Neben dieser Berufung ist Prof. Dr. Kenkmann Mitglied der Deutsch-Israelischen und der Deutsch-Tschechischen Schulbuchkommission. Außerdem berät er wissenschaftlich unter anderem das Hannah-Arendt-Institut für Totalitarismusforschung, die Dokumentationsstätte Obersalzberg oder die Bundesstiftung zur Aufarbeitung der SED-Diktatur und ist stellvertretender Beiratsvorsitzender des Archivs der deutschen Jugendbewegung.

Breites Engagement des gesamten Arbeitskreis-Vorstands in verschiedenen Gremien

Neben dem Vorsitzenden sind auch die anderen Vorstandsmitglieder des Arbeitskreises beratend und unterstützend für unterschiedliche Museen, Forschungseinrichtungen oder Vereine tätig – und das ehrenamtlich: So wie Prof. Dr. Alfons Kenkmann ist auch Dr. Werner Jung, Leiter des NS-Dokumentationszentrums in Köln und stellvertretender Vorsitzender des Arbeitskreises, im Bundesvorstand des Vereins „Gegen Vergessen, für Demokratie“ aktiv. Außerdem ist er Mitglied in verschiedenen regionalen und kommunalen Fachbeiräten beispielsweise zur Aufarbeitung der Geschichte von Zwangsarbeit in der rheinischen Großstadt oder als Sachverständiger für die Initiative zur Neugestaltung des Güterbahnhofs Mühlheim. Auch die Leiterin der Begegnungsstätte Alte Synagoge Wuppertal, Dr.
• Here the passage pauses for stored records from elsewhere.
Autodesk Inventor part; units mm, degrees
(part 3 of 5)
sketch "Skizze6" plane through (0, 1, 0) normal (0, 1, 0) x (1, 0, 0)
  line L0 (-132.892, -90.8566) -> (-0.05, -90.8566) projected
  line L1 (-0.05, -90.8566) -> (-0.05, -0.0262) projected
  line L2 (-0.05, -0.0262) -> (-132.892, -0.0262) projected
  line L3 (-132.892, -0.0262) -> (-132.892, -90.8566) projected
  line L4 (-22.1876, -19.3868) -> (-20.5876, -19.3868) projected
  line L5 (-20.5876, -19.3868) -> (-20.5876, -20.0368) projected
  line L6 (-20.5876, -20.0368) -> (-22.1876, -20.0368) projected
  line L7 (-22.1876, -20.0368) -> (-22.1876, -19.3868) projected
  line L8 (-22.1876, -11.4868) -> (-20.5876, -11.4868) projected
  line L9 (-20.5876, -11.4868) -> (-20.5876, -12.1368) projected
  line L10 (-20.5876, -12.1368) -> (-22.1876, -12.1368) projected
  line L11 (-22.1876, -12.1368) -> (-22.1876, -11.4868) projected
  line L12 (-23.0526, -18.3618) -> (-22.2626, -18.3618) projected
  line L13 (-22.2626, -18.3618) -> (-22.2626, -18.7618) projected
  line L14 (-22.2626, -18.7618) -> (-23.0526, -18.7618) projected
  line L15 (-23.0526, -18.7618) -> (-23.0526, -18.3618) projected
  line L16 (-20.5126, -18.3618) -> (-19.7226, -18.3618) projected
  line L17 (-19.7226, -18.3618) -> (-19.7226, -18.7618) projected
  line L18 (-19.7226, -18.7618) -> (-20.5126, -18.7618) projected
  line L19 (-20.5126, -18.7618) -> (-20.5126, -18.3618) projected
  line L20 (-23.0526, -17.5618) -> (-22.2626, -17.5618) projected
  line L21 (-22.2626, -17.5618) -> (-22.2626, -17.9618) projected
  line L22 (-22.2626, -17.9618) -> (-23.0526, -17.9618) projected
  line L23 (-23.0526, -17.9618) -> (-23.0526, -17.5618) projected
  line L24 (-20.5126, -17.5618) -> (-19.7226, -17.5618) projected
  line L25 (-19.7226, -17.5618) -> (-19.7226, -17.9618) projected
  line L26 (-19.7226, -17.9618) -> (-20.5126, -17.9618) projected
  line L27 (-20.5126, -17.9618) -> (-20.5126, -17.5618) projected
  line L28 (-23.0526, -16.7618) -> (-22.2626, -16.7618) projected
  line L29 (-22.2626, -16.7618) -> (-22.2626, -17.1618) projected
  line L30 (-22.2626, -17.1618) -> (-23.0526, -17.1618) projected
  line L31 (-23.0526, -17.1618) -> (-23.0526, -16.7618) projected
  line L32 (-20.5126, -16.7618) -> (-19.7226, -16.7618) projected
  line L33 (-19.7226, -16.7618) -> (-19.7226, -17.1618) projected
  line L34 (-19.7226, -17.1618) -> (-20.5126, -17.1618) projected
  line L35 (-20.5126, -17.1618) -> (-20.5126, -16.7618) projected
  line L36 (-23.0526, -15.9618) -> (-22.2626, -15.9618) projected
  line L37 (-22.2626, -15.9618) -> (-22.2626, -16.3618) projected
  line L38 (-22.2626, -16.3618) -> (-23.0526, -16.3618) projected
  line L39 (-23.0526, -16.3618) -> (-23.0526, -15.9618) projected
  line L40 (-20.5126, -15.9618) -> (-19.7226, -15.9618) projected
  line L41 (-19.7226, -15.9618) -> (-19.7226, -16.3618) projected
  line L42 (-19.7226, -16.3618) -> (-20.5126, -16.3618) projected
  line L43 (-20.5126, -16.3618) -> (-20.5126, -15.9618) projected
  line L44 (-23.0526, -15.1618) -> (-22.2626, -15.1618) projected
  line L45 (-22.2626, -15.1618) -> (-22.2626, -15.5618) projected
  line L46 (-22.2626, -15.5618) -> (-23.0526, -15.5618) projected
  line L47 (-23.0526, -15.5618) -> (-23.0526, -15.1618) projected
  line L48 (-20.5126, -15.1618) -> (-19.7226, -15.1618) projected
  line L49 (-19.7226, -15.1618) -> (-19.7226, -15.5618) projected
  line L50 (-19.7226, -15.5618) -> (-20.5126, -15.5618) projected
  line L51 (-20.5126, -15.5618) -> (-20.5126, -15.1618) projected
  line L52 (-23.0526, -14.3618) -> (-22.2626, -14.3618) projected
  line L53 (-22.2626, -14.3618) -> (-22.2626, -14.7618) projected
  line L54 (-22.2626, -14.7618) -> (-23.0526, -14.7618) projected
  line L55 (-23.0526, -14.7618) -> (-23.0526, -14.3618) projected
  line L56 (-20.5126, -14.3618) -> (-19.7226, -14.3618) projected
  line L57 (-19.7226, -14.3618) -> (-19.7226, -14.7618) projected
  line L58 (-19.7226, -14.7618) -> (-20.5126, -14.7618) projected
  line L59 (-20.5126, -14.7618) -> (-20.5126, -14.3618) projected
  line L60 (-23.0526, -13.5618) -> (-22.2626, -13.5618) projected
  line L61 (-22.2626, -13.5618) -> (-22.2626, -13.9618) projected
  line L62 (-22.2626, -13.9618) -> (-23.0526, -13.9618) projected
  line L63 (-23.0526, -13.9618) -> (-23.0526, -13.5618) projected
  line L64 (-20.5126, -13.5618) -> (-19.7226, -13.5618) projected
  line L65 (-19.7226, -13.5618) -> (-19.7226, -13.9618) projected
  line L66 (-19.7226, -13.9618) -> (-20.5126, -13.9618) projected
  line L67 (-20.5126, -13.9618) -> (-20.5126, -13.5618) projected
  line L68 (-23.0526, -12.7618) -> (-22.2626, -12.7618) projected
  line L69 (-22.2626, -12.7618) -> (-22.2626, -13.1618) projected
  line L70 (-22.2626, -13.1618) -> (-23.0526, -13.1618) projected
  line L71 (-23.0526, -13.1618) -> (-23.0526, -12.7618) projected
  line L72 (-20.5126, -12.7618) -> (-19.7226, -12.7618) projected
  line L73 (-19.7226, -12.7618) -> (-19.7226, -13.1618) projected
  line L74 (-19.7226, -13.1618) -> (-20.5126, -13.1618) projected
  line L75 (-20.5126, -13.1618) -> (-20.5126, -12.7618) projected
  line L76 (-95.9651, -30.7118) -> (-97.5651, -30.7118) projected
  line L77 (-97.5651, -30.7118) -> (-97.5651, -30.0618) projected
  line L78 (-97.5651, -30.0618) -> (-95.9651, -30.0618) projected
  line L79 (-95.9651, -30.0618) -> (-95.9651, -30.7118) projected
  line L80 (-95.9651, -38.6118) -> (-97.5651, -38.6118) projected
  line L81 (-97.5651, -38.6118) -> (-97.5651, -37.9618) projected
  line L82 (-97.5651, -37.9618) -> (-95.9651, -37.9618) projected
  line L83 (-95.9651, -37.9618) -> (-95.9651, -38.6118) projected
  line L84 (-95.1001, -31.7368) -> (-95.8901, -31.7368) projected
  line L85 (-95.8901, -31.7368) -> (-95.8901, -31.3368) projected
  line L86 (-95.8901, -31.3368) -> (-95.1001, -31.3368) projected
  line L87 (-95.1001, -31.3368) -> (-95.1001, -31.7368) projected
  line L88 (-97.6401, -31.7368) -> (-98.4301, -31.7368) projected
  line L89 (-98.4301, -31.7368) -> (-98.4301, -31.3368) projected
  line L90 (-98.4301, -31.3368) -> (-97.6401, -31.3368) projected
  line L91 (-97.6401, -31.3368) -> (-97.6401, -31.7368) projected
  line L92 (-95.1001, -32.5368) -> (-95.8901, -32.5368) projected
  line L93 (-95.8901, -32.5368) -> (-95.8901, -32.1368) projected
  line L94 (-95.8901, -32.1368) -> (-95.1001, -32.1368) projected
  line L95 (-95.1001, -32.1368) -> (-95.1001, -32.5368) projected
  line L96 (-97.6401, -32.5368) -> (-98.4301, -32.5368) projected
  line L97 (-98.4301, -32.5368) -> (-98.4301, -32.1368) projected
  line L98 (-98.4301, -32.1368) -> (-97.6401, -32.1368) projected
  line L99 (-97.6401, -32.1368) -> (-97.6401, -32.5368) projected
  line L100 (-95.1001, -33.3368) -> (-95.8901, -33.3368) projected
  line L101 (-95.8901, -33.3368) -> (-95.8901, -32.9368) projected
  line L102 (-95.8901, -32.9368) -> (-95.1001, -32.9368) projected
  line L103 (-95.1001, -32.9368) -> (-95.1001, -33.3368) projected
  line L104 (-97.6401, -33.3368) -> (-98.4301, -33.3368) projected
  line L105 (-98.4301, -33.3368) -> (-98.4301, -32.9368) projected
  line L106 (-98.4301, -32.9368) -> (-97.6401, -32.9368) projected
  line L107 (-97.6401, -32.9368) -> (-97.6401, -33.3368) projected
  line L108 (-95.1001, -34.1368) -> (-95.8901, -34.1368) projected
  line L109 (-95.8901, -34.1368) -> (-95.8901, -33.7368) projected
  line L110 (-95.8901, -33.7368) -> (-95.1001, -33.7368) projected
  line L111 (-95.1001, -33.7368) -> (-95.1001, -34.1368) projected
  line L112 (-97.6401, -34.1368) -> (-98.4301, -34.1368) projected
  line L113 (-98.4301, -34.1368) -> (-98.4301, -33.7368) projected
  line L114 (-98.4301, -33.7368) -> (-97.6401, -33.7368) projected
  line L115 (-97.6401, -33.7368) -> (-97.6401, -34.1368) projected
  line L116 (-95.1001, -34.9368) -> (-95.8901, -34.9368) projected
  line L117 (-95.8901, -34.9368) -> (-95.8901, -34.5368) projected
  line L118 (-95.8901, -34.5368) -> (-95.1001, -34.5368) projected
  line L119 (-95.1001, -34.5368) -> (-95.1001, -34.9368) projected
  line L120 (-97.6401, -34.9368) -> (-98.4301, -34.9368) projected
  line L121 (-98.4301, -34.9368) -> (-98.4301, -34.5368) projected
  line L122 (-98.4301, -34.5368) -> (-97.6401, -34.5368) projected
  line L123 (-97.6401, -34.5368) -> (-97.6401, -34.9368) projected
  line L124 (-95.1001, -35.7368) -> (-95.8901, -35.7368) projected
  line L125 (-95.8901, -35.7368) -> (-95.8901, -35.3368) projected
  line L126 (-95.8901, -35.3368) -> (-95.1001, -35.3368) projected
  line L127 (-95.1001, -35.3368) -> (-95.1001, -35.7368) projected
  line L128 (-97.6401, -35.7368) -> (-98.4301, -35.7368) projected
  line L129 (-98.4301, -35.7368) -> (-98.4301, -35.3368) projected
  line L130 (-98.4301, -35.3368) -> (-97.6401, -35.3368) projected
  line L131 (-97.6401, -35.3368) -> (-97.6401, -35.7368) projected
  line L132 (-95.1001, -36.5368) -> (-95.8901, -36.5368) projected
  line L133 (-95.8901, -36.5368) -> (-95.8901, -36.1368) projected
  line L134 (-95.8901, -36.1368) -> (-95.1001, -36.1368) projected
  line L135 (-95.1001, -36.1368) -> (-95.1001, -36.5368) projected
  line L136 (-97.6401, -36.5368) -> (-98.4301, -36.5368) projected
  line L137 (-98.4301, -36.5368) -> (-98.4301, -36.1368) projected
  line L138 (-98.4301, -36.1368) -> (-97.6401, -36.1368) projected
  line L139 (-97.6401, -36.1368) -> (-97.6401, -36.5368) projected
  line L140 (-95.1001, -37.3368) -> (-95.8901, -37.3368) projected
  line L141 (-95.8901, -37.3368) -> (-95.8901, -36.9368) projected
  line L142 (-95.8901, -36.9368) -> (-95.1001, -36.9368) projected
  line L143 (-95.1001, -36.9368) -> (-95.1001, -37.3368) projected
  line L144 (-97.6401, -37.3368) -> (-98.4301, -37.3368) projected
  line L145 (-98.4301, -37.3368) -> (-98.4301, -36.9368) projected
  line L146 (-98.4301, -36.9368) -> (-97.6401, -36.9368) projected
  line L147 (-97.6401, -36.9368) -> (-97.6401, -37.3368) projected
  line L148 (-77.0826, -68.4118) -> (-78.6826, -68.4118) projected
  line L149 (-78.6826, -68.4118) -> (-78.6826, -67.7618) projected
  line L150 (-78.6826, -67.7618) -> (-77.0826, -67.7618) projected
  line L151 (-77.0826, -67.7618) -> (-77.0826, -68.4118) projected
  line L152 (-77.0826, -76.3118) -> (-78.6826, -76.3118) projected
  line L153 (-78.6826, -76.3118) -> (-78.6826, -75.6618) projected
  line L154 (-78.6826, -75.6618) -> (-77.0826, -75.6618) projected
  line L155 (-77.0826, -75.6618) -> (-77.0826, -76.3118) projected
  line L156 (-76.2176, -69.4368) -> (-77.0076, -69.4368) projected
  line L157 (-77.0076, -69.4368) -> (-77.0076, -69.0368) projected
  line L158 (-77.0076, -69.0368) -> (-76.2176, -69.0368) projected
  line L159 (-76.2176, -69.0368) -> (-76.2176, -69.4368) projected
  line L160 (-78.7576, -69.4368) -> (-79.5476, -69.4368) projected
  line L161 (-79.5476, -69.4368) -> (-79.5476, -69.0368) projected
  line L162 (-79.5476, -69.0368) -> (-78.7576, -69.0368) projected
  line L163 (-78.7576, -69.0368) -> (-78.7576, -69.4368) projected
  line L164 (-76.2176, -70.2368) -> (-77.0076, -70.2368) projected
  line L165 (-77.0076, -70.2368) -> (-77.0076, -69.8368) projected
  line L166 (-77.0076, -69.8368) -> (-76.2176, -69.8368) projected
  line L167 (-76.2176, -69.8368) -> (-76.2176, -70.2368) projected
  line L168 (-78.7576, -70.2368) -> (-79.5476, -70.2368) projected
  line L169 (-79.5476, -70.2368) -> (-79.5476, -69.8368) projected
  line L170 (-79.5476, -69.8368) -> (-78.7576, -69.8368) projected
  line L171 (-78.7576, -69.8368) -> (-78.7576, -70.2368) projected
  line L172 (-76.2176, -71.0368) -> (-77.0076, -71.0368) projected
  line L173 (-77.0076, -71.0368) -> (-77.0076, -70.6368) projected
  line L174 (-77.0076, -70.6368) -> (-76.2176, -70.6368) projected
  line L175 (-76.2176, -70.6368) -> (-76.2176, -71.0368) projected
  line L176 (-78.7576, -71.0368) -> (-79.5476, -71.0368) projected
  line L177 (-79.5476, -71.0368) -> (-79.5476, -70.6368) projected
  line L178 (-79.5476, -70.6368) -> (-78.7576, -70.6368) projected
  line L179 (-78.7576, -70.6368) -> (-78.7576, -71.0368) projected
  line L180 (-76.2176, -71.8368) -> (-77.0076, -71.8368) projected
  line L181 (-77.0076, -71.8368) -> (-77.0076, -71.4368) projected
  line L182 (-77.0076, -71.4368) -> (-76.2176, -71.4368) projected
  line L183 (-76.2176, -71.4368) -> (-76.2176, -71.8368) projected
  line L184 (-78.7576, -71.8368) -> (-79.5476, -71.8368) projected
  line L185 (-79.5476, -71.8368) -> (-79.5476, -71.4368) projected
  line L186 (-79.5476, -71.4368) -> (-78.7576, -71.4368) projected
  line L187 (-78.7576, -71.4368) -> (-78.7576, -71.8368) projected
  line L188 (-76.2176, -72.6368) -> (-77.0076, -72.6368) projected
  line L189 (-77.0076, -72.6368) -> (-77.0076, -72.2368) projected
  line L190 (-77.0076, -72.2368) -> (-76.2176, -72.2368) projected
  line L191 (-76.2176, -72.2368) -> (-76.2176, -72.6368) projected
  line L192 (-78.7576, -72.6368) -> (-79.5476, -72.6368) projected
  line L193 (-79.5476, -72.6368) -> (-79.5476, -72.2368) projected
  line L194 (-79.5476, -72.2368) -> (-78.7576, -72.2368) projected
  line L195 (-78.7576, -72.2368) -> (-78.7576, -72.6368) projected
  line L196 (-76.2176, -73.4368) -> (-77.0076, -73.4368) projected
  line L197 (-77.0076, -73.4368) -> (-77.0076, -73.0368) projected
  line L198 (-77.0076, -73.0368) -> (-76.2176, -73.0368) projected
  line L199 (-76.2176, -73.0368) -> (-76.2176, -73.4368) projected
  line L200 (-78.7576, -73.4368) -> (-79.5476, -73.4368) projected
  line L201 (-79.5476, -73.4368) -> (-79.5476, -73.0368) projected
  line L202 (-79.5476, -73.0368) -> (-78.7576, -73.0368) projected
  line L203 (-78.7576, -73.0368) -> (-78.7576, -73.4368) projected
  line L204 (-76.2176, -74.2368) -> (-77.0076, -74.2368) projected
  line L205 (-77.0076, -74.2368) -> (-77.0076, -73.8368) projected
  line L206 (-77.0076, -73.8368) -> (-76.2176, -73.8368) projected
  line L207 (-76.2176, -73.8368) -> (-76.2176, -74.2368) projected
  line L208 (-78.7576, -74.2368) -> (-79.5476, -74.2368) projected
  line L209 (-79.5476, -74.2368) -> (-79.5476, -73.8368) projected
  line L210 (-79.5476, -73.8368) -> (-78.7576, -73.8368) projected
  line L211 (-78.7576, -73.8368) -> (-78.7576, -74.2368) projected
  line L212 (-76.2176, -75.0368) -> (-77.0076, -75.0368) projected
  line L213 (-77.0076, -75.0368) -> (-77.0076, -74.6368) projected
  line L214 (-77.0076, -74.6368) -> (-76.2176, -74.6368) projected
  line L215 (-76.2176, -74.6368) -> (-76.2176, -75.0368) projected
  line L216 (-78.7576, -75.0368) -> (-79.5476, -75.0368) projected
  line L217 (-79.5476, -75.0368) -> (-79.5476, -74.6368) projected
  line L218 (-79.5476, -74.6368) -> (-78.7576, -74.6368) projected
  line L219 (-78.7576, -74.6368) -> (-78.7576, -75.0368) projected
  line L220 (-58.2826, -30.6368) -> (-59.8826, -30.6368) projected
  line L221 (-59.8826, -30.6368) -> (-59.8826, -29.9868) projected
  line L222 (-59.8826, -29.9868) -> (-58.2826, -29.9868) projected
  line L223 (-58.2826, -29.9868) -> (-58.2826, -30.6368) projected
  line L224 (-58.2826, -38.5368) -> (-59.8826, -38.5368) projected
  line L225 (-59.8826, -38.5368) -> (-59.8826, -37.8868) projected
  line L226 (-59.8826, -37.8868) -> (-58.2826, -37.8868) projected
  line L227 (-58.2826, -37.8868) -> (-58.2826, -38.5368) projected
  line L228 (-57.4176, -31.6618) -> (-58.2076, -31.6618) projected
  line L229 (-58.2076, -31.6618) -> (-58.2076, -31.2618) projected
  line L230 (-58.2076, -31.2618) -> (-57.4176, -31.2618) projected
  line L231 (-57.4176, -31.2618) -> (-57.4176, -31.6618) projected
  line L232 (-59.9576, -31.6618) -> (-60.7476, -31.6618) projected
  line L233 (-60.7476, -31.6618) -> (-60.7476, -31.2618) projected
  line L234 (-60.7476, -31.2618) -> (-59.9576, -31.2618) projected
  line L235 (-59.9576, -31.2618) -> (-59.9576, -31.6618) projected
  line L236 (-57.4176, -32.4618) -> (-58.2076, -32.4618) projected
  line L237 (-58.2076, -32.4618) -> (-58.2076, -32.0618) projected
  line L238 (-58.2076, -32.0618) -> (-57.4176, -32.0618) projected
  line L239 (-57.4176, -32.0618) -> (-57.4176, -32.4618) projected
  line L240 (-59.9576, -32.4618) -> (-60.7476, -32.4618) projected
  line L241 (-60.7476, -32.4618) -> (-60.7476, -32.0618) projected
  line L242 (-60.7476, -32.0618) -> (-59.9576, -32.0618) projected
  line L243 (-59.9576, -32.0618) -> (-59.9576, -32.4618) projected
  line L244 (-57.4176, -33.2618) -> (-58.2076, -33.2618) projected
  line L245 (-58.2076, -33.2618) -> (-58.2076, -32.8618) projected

Ulrike Schrader, berät verschiedene lokale Initiativen wie den Verein „Stolpersteine e.V.“.

Kirsten John-Stucke, Leiterin der Gedenkstätte Wewelsburg, ist unter anderem Mitglied im internationalen Beirat der Stiftung Topographie des Terrors und im wissenschaftlichen Projektbeirat der Gedenkstätte Vogelsang, die nun auch in den Arbeitskreis der NS-Gedenkstätten und –Erinnerungsorte aufgenommen werden konnte. Daniel Gollmann, im Arbeitskreis als Assistent der Geschäftsführung beschäftigt, ist Mitglied im Beirat des Landesverbands Museumspädagogik Nordrhein-Westfalen.